International information
- National side: Denmark;

Career statistics
| Competition | Twenty20 |
| Matches | 8 |
| Runs scored | 27 |
| Batting average | 9.00 |
| 100s/50s | –/– |
| Top score | 11* |
| Balls bowled | 150 |
| Wickets | 2 |
| Bowling average | 88.00 |
| 5 wickets in innings | – |
| 10 wickets in match | – |
| Best bowling | 1/26 |
| Catches/stumpings | –/– |
- Source: Cricinfo, 23 March 2012

= Basit Raja =

Danish cricketer

Raja Basit Javed (born 2 September 1993) is a Danish cricketer who is more commonly known as Basit Raja. Raja is a right-handed batsman who bowls right-arm fast-medium. He was born at Copenhagen.

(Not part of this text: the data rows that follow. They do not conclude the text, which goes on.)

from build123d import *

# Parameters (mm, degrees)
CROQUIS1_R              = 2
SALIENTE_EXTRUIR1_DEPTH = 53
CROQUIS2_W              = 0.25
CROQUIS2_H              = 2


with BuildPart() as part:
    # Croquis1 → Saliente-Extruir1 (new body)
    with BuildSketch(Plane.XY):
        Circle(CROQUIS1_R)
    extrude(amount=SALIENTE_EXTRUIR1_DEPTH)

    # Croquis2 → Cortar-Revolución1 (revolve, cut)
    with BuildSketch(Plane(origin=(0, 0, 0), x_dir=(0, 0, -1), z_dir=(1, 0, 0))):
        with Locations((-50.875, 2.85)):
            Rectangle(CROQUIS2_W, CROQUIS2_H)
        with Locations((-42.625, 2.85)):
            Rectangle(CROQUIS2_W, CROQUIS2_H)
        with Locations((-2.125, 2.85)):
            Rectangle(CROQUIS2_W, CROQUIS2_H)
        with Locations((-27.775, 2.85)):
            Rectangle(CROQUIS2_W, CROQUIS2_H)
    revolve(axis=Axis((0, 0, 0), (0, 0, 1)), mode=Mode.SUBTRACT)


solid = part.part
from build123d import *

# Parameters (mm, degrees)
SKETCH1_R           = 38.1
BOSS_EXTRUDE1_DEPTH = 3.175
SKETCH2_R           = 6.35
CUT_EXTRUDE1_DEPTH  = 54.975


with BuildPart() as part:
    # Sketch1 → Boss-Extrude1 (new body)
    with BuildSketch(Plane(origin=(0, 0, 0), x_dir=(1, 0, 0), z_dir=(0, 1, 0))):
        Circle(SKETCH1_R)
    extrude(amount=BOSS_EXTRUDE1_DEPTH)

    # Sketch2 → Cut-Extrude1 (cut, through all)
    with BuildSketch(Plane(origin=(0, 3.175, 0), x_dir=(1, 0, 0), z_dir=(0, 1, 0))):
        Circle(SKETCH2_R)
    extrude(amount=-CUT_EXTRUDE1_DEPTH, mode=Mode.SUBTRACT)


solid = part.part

Having represented Denmark at Under-19 level, Raja was selected as part of Denmark's squad for World Cricket League Division Three in Hong Kong, making his full international debut against Papua New Guinea. He made a total of three appearances during the tournament.

In March 2012, Denmark took part in the World Twenty20 Qualifier in the United Arab Emirates, with Raja selected in their fourteen-man squad. Raja made his Twenty20 debut during the tournament against Bermuda at the Sheikh Zayed Cricket Stadium. He made seven further appearances during the competition, the last of which came against Oman, scoring 27 runs and taking 2 wickets.

In March 2018, he was named in Denmark's squad for the 2018 ICC World Cricket League Division Four tournament in Malaysia. In September 2018, he was named in Denmark's squad for the 2018 ICC World Cricket League Division Three tournament in Oman.